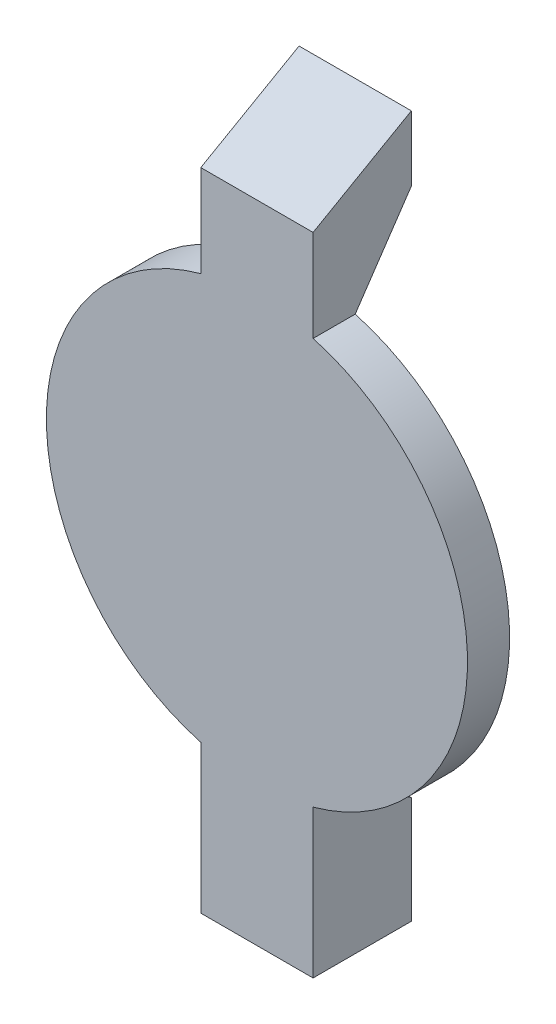
from build123d import *

# Parameters (mm, degrees)
SALIENTE_EXTRUIR1_DEPTH = 7
CROQUIS2_R              = 2.4
CORTAR_EXTRUIR1_DEPTH   = 5
CORTAR_EXTRUIR2_DEPTH   = 8
CROQUIS4_W              = 4
CROQUIS4_H              = 37.728244425
CORTAR_EXTRUIR3_DEPTH   = 40
SALIENTE_EXTRUIR2_DEPTH = 8


with BuildPart() as part:
    # Croquis1 → Saliente-Extruir1 (new body)
    with BuildSketch(Plane.XY):
        with BuildLine():
            Line((-58.064516129, 28.516129032), (-50.064516129, 28.516129032))
            Line((-50.064516129, 28.516129032), (-50.064516129, 17.972961327))
            ThreePointArc((-50.064516129, 17.972961327), (-39.064516129, 3.516129032), (-50.064516129, -10.940703263))
            Line((-50.064516129, -10.940703263), (-50.064516129, -21.483870968))
            Line((-50.064516129, -21.483870968), (-58.064516129, -21.483870968))
            Line((-58.064516129, -21.483870968), (-58.064516129, -10.940703263))
            ThreePointArc((-58.064516129, -10.940703263), (-69.064516129, 3.516129032), (-58.064516129, 17.972961327))
            Line((-58.064516129, 17.972961327), (-58.064516129, 28.516129032))
        make_face()
    extrude(amount=SALIENTE_EXTRUIR1_DEPTH)

    # Croquis2 → Cortar-Extruir1 (cut)
    with BuildSketch(Plane.XZ.offset(21.483870968)):
        with Locations(Location((-54.064516129, 3.5, 0), (0, 0, 270))):
            Circle(CROQUIS2_R)
    extrude(amount=-CORTAR_EXTRUIR1_DEPTH, mode=Mode.SUBTRACT)

    # Croquis3 → Cortar-Extruir2 (cut)
    with BuildSketch(Plane.ZY.offset(58.064516129)):
        Polygon((7, 24.516129032), (0, 28.516129032), (7, 28.516129032), align=None)
    extrude(amount=-CORTAR_EXTRUIR2_DEPTH, mode=Mode.SUBTRACT)

    # Croquis4 → Cortar-Extruir3 (cut)
    with BuildSketch(Plane.ZY.offset(69.064516129)):
        with Locations((2, 5.007952278)):
            Rectangle(CROQUIS4_W, CROQUIS4_H)
    extrude(amount=-CORTAR_EXTRUIR3_DEPTH, mode=Mode.SUBTRACT)

    # Croquis5 → Saliente-Extruir2 (add)
    with BuildSketch(Plane.ZY.offset(58.064516129)):
        Polygon((0, 23.87207449), (4, 17.972961327), (4, 23.87207449), align=None)
        Polygon((0, -13.856169935), (4, -10.940703263), (4, -13.856169935), align=None)
    extrude(amount=-SALIENTE_EXTRUIR2_DEPTH)


solid = part.part

# Instructions for the task
If a line of the data contains "offset", copy it out.

# Task response
    with BuildSketch(Plane.XZ.offset(21.483870968)):
    with BuildSketch(Plane.ZY.offset(58.064516129)):
    with BuildSketch(Plane.ZY.offset(69.064516129)):
    with BuildSketch(Plane.ZY.offset(58.064516129)):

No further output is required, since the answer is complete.